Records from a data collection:
==*==

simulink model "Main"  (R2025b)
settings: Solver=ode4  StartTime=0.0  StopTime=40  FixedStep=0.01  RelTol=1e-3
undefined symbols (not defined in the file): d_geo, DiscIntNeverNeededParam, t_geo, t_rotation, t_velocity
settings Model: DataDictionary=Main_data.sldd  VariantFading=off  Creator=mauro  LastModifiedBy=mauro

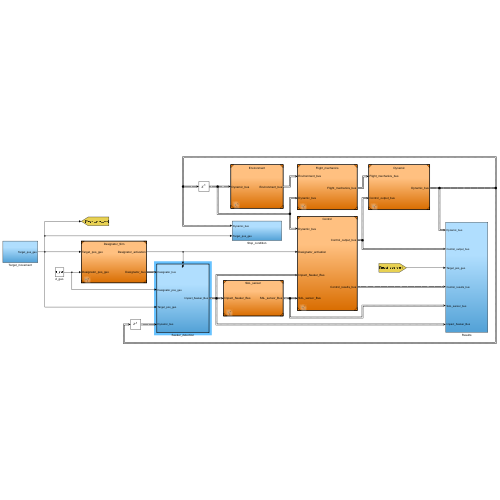
[thumbnail: Simulink's stored preview of the top-level diagram]
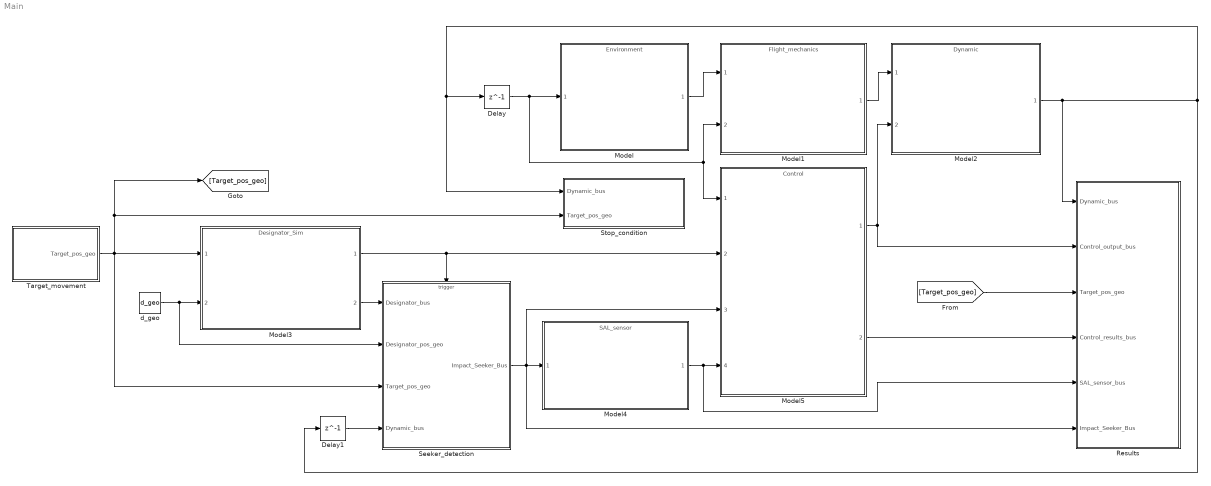
== system Main ==
  Delay : Delay  DelayLength=1  InitialCondition=0
  Delay1 : Delay  DelayLength=1  InitialCondition=0
  Model : ModelReference  ModelNameDialog=Environment.slx  SimulationMode=Normal  ModelReferenceVersion=1.30
  Model1 : ModelReference  ModelNameDialog=Flight_mechanics.slx  SimulationMode=Normal  ModelReferenceVersion=1.31
  Model2 : ModelReference  ModelNameDialog=Dynamic.slx  SimulationMode=Normal  ModelReferenceVersion=1.41
  Model3 : ModelReference  ModelNameDialog=Designator_Sim.slx  SimulationMode=Normal  ModelReferenceVersion=1.21
  Model4 : ModelReference  ModelNameDialog=SAL_sensor.slx  SimulationMode=Normal  ModelReferenceVersion=1.37
  Model5 : ModelReference  ModelNameDialog=Control.slx  SimulationMode=Normal  ModelReferenceVersion=1.50
  Results : Subsystem
  Seeker_detection : Subsystem
  Stop_condition : Subsystem
  Target_movement : Subsystem
  d_geo : Constant  Value=d_geo
  wires:
  Model1/1 -> Model2/1
  Model/1 -> Model1/1
  Model2/1 -> Delay1/1, Stop_condition/1(Dynamic_bus), Delay/1, Results/1(Dynamic_bus)
  Delay/1 -> Model5/1, Model1/2, Model/1
  Seeker_detection/1(Impact_Seeker_Bus) -> Model5/3, Results/6(Impact_Seeker_Bus), Model4/1
  Delay1/1 -> Seeker_detection/4(Dynamic_bus)
  Model3/2 -> Seeker_detection/1(Designator_bus)
  d_geo/1 -> Seeker_detection/2(Designator_pos_geo), Model3/2
  Model5/1 -> Results/2(Control_output_bus), Model2/2
  Model4/1 -> Results/5(SAL_sensor_bus), Model5/4
  Model3/1 -> Seeker_detection/Trigger, Model5/2
  [Target_pos_geo] -> Results/3(Target_pos_geo)
  Model5/2 -> Results/4(Control_results_bus)
  Target_movement/1(Target_pos_geo) -> Stop_condition/2(Target_pos_geo), [Target_pos_geo], Seeker_detection/3(Target_pos_geo), Model3/1

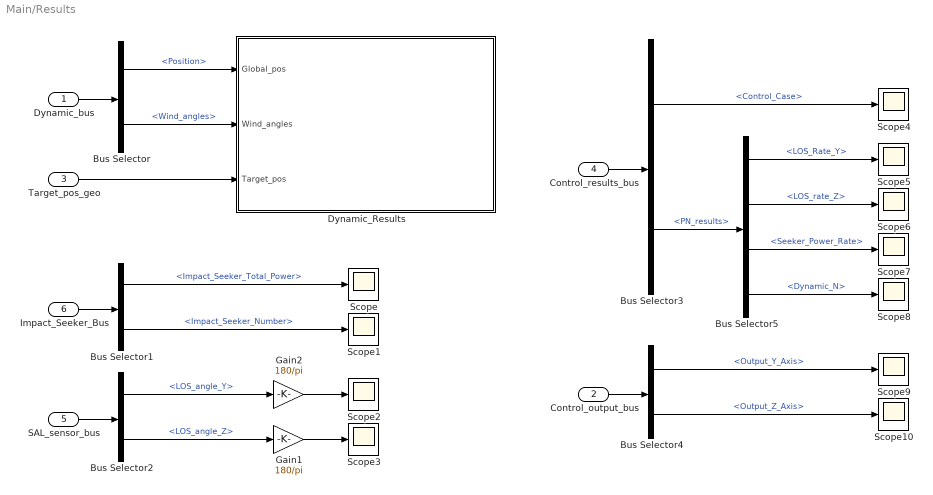
== system Main/Results ==
  Dynamic_bus : Inport  OutDataTypeStr=Bus: Dynamic_bus
  Control_output_bus : Inport  Port=2
  Target_pos_geo : Inport  Port=3
  Control_results_bus : Inport  Port=4
  SAL_sensor_bus : Inport  Port=5
  Impact_Seeker_Bus : Inport  Port=6
  Bus Selector : BusSelector  OutputSignals=Position,Wind_angles
  Bus Selector1 : BusSelector  OutputSignals=Impact_Seeker_Total_Power,Impact_Seeker_Number
  Bus Selector2 : BusSelector  OutputSignals=LOS_angle_Y,LOS_angle_Z
  Bus Selector3 : BusSelector  OutputSignals=Control_Case,PN_results
  Bus Selector4 : BusSelector  OutputSignals=Output_Y_Axis,Output_Z_Axis
  Bus Selector5 : BusSelector  OutputSignals=LOS_Rate_Y,LOS_rate_Z,Seeker_Power_Rate,Dynamic_N
  Dynamic_Results : Subsystem
  Gain1 : Gain  Gain=180/pi
  Gain2 : Gain  Gain=180/pi
  Scope{,1..10} (11 alike) : Scope
      Scope settings: ActiveDisplayYMinimum=-0.0017009499425087375  ActiveDisplayYMaximum=0.015308549482578641
      Scope1 settings: ActiveDisplayYMinimum=-4068.8424899316433  ActiveDisplayYMaximum=14541.688244827959  DataLoggingVariableName=ScopeData4
      Scope10 settings: ActiveDisplayYMinimum=-538.883824388517  ActiveDisplayYMaximum=718.00642075117651  DataLoggingVariableName=ScopeData13
      Scope2 settings: ActiveDisplayYMinimum=-1  ActiveDisplayYMaximum=1  DataLoggingVariableName=ScopeData5
      Scope3 settings: ActiveDisplayYMinimum=-9.0449990210259017  ActiveDisplayYMaximum=11.160194306089778  DataLoggingVariableName=ScopeData6
      Scope4 settings: ActiveDisplayYMinimum=-0.24999999999999994  ActiveDisplayYMaximum=2.25  DataLoggingVariableName=ScopeData7
      Scope5 settings: ActiveDisplayYMinimum=-0.00011873889811281793  ActiveDisplayYMaximum=0.00016852439541605621  DataLoggingVariableName=ScopeData8
      Scope6 settings: ActiveDisplayYMinimum=-0.65509945125026314  ActiveDisplayYMaximum=0.56583480808345421  DataLoggingVariableName=ScopeData9
      Scope7 settings: ActiveDisplayYMinimum=-0.26313284982804819  ActiveDisplayYMaximum=0.28806425796157659  DataLoggingVariableName=ScopeData10
      Scope8 settings: ActiveDisplayYMinimum=-0.25636599959653461  ActiveDisplayYMaximum=13.637920041276896  DataLoggingVariableName=ScopeData11
      Scope9 settings: ActiveDisplayYMinimum=-1  ActiveDisplayYMaximum=1  DataLoggingVariableName=ScopeData12
  wires:
  Dynamic_bus/1 -> Bus Selector/1
  Target_pos_geo/1 -> Dynamic_Results/3(Target_pos)
  Bus Selector/1 -> Dynamic_Results/1(Global_pos)  "<Position>"
  Bus Selector/2 -> Dynamic_Results/2(Wind_angles)  "<Wind_angles>"
  Impact_Seeker_Bus/1 -> Bus Selector1/1
  Bus Selector1/1 -> Scope/1  "<Impact_Seeker_Total_Power>"
  Bus Selector1/2 -> Scope1/1  "<Impact_Seeker_Number>"
  SAL_sensor_bus/1 -> Bus Selector2/1
  Bus Selector2/1 -> Gain2/1  "<LOS_angle_Y>"
  Bus Selector2/2 -> Gain1/1  "<LOS_angle_Z>"
  Control_results_bus/1 -> Bus Selector3/1
  Control_output_bus/1 -> Bus Selector4/1
  Bus Selector3/2 -> Bus Selector5/1  "<PN_results>"
  Bus Selector3/1 -> Scope4/1  "<Control_Case>"
  Bus Selector5/1 -> Scope5/1  "<LOS_Rate_Y>"
  Bus Selector5/2 -> Scope6/1  "<LOS_rate_Z>"
  Bus Selector5/4 -> Scope8/1  "<Dynamic_N>"
  Bus Selector5/3 -> Scope7/1  "<Seeker_Power_Rate>"
  Bus Selector4/1 -> Scope9/1  "<Output_Y_Axis>"
  Gain2/1 -> Scope2/1
  Gain1/1 -> Scope3/1
  Bus Selector4/2 -> Scope10/1  "<Output_Z_Axis>"

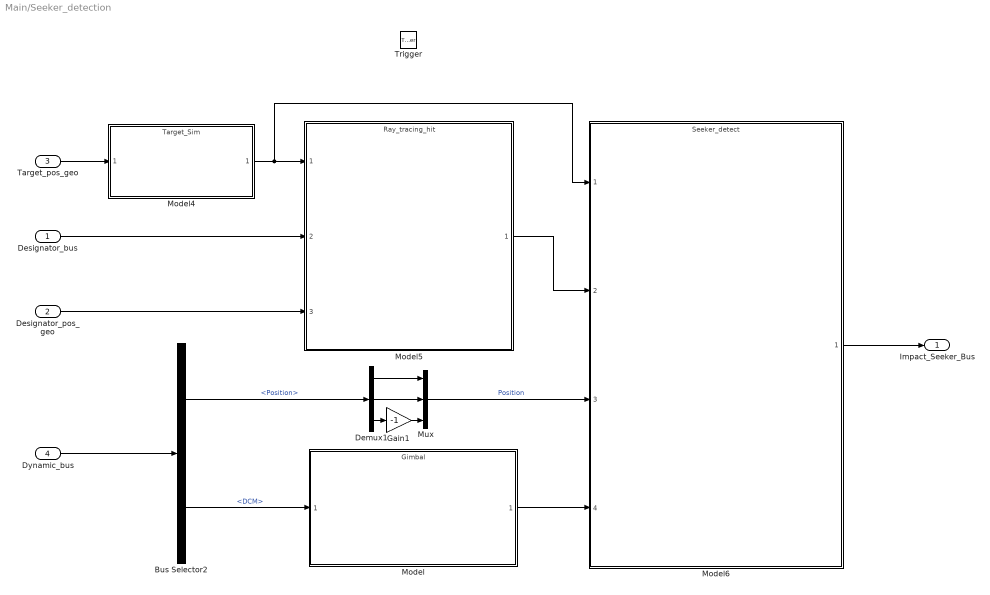
== system Main/Seeker_detection ==
  Designator_bus : Inport  OutDataTypeStr=Bus: Designator_bus
  Designator_pos_geo : Inport  Port=2
  Target_pos_geo : Inport  Port=3
  Dynamic_bus : Inport  Port=4  OutDataTypeStr=Bus: Dynamic_bus
  Trigger : TriggerPort  VariantControl=(inherit)  PortDimensions=1
  Bus Selector2 : BusSelector  OutputSignals=Position,DCM
  Demux1 : Demux  Outputs=3
  Gain1 : Gain  Gain=-1
  Model : ModelReference  ModelNameDialog=Gimbal.slx  SimulationMode=Normal  ModelReferenceVersion=1.16
  Model4 : ModelReference  ModelNameDialog=Target_Sim.slx  SimulationMode=Normal  ModelReferenceVersion=1.19
  Model5 : ModelReference  ModelNameDialog=Ray_tracing_hit.slx  SimulationMode=Normal  ModelReferenceVersion=1.26
  Model6 : ModelReference  ModelNameDialog=Seeker_detect.slx  SimulationMode=Normal  ModelReferenceVersion=1.23
  Mux : Mux  Inputs=3
  Impact_Seeker_Bus : Outport  OutDataTypeStr=Bus: Impact_Seeker_Bus
  wires:
  Model6/1 -> Impact_Seeker_Bus/1
  Model5/1 -> Model6/2
  Dynamic_bus/1 -> Bus Selector2/1
  Model4/1 -> Model6/1, Model5/1
  Target_pos_geo/1 -> Model4/1
  Designator_pos_geo/1 -> Model5/3
  Designator_bus/1 -> Model5/2
  Bus Selector2/1 -> Demux1/1  "<Position>"
  Bus Selector2/2 -> Model/1  "<DCM>"
  Model/1 -> Model6/4
  Demux1/1 -> Mux/1
  Demux1/3 -> Gain1/1
  Demux1/2 -> Mux/2
  Gain1/1 -> Mux/3
  Mux/1 -> Model6/3  "Position"

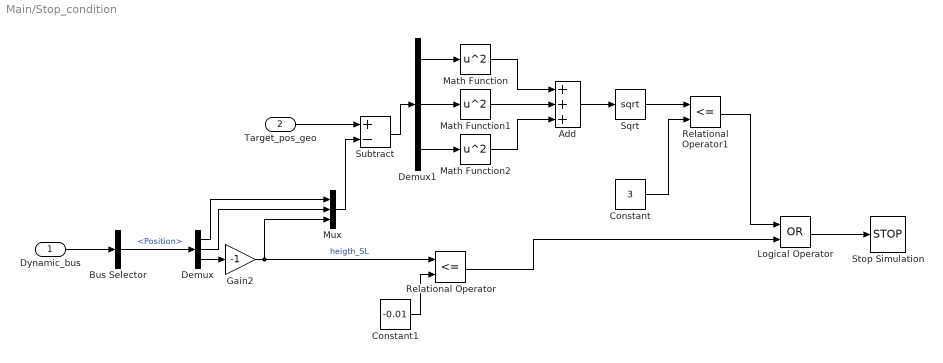
== system Main/Stop_condition ==
  Dynamic_bus : Inport  OutDataTypeStr=Bus: Dynamic_bus
  Target_pos_geo : Inport  Port=2
  Add : Sum  Inputs=+++
  Bus Selector : BusSelector  OutputSignals=Position
  Constant : Constant  Value=3
  Constant1 : Constant  Value=-0.01
  Demux : Demux  Outputs=3
  Demux1 : Demux  Outputs=3
  Gain2 : Gain  Gain=-1
  Logical Operator : Logic  Operator=OR  AllPortsSameDT=off  OutDataTypeStr=boolean
  Math Function : Math  Operator=square
  Math Function1 : Math  Operator=square
  Math Function2 : Math  Operator=square
  Mux : Mux  Inputs=3
  Relational Operator : RelationalOperator  Operator=<=  OutDataTypeStr=boolean  RndMeth=Simplest  InputSameDT=off
  Relational Operator1 : RelationalOperator  Operator=<=  OutDataTypeStr=boolean  RndMeth=Simplest  InputSameDT=off
  Sqrt : Sqrt
  Stop Simulation : Stop
  Subtract : Sum  Inputs=+-
  wires:
  Constant1/1 -> Relational Operator/2
  Dynamic_bus/1 -> Bus Selector/1
  Bus Selector/1 -> Demux/1  "<Position>"
  Demux/3 -> Gain2/1
  Gain2/1 -> Mux/3, Relational Operator/1  "heigth_SL"
  Logical Operator/1 -> Stop Simulation/1
  Relational Operator/1 -> Logical Operator/2
  Demux/1 -> Mux/1
  Demux/2 -> Mux/2
  Target_pos_geo/1 -> Subtract/1
  Mux/1 -> Subtract/2
  Subtract/1 -> Demux1/1
  Constant/1 -> Relational Operator1/2
  Demux1/1 -> Math Function/1
  Demux1/2 -> Math Function1/1
  Demux1/3 -> Math Function2/1
  Math Function1/1 -> Add/2
  Math Function/1 -> Add/1
  Math Function2/1 -> Add/3
  Add/1 -> Sqrt/1
  Sqrt/1 -> Relational Operator1/1
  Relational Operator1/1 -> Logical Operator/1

==*==

Your reply should be a verbatim retyping of the lines from the one that holds "Mux/1 -> Subtract/2" through the last line of the entries.

  Mux/1 -> Subtract/2
  Subtract/1 -> Demux1/1
  Constant/1 -> Relational Operator1/2
  Demux1/1 -> Math Function/1
  Demux1/2 -> Math Function1/1
  Demux1/3 -> Math Function2/1
  Math Function1/1 -> Add/2
  Math Function/1 -> Add/1
  Math Function2/1 -> Add/3
  Add/1 -> Sqrt/1
  Sqrt/1 -> Relational Operator1/1
  Relational Operator1/1 -> Logical Operator/1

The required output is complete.